**TASK DESCRIPTION:** Exactly reproduce the lines beginning with the line that includes "#166=ADVANCED_FACE('F123',(#165),#159,.T.);" and ending with the last line of the data.

··· SOURCE INFORMATION ···

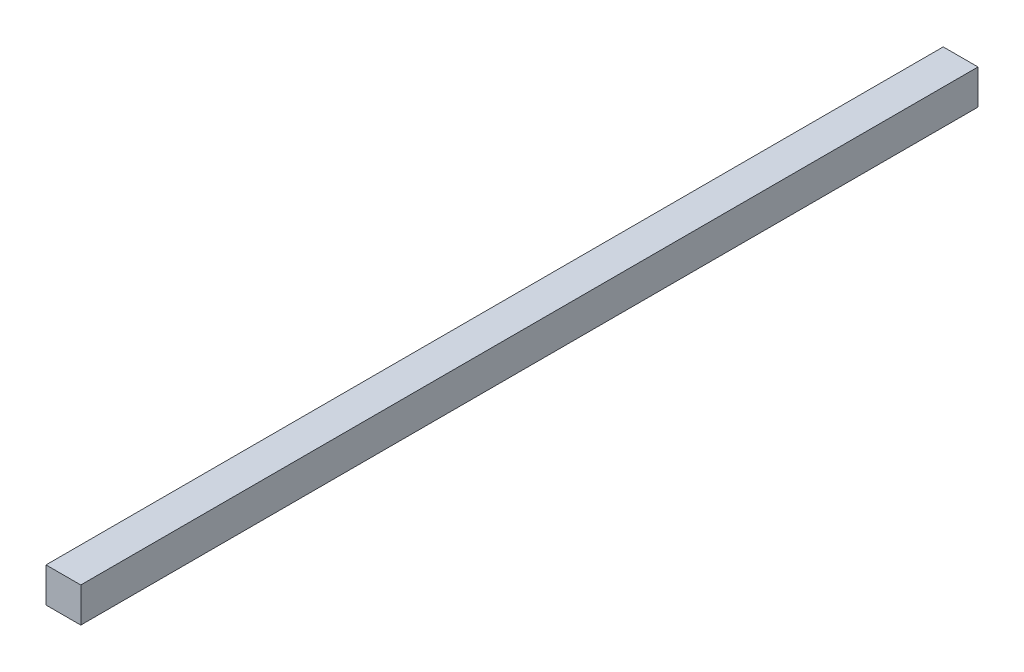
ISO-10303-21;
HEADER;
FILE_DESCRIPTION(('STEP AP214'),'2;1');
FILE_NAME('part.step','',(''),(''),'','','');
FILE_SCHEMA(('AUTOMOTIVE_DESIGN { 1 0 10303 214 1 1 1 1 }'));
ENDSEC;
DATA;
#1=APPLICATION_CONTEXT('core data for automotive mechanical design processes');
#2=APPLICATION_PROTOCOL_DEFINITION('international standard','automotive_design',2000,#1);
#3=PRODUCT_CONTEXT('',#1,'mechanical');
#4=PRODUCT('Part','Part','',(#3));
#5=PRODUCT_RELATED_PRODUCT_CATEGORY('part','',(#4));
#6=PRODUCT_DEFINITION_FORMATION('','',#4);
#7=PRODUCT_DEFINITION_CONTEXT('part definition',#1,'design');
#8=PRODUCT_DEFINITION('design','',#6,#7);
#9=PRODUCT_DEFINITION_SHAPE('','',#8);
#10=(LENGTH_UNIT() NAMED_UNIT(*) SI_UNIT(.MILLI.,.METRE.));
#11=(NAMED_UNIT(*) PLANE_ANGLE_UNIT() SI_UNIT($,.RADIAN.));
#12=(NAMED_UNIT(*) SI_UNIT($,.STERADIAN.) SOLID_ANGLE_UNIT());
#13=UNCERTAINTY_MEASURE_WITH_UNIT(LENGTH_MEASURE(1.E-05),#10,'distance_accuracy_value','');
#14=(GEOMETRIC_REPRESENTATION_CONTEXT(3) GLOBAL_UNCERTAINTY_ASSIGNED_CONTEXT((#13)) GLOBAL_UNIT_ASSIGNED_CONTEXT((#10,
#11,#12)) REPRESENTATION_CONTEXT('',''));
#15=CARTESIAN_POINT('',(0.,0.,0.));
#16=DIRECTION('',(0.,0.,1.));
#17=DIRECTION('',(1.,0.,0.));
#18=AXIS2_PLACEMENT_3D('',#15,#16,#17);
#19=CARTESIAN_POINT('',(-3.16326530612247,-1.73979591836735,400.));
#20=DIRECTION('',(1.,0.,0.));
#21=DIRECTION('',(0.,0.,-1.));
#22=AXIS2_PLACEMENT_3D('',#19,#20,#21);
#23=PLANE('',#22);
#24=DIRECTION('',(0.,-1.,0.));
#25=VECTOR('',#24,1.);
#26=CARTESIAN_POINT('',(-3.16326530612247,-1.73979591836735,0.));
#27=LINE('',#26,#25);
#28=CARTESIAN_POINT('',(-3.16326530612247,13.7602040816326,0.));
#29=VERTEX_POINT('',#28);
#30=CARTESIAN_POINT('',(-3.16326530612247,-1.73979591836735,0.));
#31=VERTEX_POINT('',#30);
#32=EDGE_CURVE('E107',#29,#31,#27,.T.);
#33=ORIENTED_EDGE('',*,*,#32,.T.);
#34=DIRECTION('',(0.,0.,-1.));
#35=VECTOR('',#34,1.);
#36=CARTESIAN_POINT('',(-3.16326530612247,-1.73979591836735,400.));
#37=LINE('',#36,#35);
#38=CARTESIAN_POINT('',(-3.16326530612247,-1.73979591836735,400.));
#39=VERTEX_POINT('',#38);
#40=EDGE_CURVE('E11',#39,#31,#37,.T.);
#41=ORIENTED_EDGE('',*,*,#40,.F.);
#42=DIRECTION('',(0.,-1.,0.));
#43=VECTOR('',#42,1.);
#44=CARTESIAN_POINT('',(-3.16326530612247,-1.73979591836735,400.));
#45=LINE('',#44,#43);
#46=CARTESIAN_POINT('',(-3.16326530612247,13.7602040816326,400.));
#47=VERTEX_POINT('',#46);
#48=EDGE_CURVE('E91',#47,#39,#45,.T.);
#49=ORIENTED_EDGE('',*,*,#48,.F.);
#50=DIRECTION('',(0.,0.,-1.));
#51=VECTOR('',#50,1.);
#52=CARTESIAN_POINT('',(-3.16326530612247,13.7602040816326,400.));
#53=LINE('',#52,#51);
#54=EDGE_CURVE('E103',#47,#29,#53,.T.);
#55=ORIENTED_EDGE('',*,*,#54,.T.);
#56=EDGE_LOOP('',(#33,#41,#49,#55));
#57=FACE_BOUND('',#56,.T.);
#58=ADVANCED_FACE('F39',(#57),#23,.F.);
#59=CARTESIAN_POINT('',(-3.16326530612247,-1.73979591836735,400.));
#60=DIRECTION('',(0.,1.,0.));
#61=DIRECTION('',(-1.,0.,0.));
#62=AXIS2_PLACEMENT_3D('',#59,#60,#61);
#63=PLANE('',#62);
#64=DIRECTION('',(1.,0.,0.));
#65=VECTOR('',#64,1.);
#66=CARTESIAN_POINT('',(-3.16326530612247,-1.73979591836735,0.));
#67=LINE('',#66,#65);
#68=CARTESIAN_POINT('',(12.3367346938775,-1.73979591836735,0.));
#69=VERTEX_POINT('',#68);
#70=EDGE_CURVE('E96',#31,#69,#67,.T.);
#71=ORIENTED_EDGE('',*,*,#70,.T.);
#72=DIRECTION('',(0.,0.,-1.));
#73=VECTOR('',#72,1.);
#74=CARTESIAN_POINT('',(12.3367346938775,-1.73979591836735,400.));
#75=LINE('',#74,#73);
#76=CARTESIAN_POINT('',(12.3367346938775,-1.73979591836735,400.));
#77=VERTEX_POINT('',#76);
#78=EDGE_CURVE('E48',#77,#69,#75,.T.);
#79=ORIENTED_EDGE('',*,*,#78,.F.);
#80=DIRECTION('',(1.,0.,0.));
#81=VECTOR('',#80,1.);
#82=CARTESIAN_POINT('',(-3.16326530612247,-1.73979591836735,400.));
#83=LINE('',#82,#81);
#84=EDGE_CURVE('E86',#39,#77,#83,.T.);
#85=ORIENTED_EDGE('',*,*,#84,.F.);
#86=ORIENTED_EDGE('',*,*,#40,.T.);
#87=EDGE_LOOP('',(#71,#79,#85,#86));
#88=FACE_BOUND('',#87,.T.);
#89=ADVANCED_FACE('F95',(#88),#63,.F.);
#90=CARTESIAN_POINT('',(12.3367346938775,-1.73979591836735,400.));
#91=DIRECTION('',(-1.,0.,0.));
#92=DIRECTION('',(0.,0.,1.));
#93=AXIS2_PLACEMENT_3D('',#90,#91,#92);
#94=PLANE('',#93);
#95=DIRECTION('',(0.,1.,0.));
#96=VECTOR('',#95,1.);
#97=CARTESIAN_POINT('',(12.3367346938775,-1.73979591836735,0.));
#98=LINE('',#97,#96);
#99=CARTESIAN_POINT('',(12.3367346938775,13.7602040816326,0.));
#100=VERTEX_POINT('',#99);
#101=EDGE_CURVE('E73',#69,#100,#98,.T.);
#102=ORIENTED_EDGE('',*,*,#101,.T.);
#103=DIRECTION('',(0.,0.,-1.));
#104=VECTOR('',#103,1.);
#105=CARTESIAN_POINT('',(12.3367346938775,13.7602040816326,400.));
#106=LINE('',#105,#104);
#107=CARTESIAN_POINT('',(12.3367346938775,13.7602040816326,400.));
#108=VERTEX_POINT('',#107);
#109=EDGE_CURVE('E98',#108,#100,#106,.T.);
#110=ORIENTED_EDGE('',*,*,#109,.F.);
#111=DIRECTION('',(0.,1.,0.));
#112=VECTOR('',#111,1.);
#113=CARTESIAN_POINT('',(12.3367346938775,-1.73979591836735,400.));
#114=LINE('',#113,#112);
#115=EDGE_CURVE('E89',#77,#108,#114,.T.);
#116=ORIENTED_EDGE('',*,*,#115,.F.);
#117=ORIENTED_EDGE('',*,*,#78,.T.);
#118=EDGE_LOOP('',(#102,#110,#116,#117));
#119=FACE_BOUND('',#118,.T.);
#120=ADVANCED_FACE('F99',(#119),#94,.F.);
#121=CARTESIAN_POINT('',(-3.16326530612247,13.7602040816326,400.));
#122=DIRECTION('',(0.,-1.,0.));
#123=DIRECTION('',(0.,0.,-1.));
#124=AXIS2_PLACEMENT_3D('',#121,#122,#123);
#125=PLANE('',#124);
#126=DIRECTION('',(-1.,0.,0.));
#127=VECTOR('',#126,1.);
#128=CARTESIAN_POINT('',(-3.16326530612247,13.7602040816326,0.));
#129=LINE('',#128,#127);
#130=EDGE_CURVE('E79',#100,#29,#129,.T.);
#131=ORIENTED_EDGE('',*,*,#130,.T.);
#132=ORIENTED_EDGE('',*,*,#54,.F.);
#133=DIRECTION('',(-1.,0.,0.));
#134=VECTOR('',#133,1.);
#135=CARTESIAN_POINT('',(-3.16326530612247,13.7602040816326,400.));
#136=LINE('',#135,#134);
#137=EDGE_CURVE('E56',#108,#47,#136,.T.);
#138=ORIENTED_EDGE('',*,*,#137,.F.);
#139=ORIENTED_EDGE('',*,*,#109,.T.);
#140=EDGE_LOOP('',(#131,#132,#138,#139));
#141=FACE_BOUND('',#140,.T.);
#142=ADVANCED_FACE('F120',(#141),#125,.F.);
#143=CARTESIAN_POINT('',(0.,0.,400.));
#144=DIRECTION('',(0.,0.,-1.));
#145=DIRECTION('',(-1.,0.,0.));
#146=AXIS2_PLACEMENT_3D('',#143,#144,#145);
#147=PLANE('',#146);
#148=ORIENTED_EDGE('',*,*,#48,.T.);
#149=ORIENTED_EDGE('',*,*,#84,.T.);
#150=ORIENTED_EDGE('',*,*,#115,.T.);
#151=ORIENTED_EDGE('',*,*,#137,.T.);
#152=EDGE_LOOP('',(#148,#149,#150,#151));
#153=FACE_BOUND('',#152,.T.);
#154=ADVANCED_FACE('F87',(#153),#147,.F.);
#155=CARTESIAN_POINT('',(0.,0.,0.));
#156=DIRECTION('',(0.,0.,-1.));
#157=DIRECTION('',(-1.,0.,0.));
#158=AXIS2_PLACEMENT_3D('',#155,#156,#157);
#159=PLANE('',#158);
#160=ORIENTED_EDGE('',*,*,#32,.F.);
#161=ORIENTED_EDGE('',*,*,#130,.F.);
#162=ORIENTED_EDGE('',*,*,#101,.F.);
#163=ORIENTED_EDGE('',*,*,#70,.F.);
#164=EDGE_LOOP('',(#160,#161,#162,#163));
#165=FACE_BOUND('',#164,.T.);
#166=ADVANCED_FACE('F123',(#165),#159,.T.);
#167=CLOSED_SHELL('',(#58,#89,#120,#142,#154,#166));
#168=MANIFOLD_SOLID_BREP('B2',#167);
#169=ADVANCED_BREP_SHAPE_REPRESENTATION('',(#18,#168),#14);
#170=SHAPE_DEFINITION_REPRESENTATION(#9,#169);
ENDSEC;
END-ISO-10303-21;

···

**EXERCISE OUTPUT:**
#166=ADVANCED_FACE('F123',(#165),#159,.T.);
#167=CLOSED_SHELL('',(#58,#89,#120,#142,#154,#166));
#168=MANIFOLD_SOLID_BREP('B2',#167);
#169=ADVANCED_BREP_SHAPE_REPRESENTATION('',(#18,#168),#14);
#170=SHAPE_DEFINITION_REPRESENTATION(#9,#169);
ENDSEC;
END-ISO-10303-21;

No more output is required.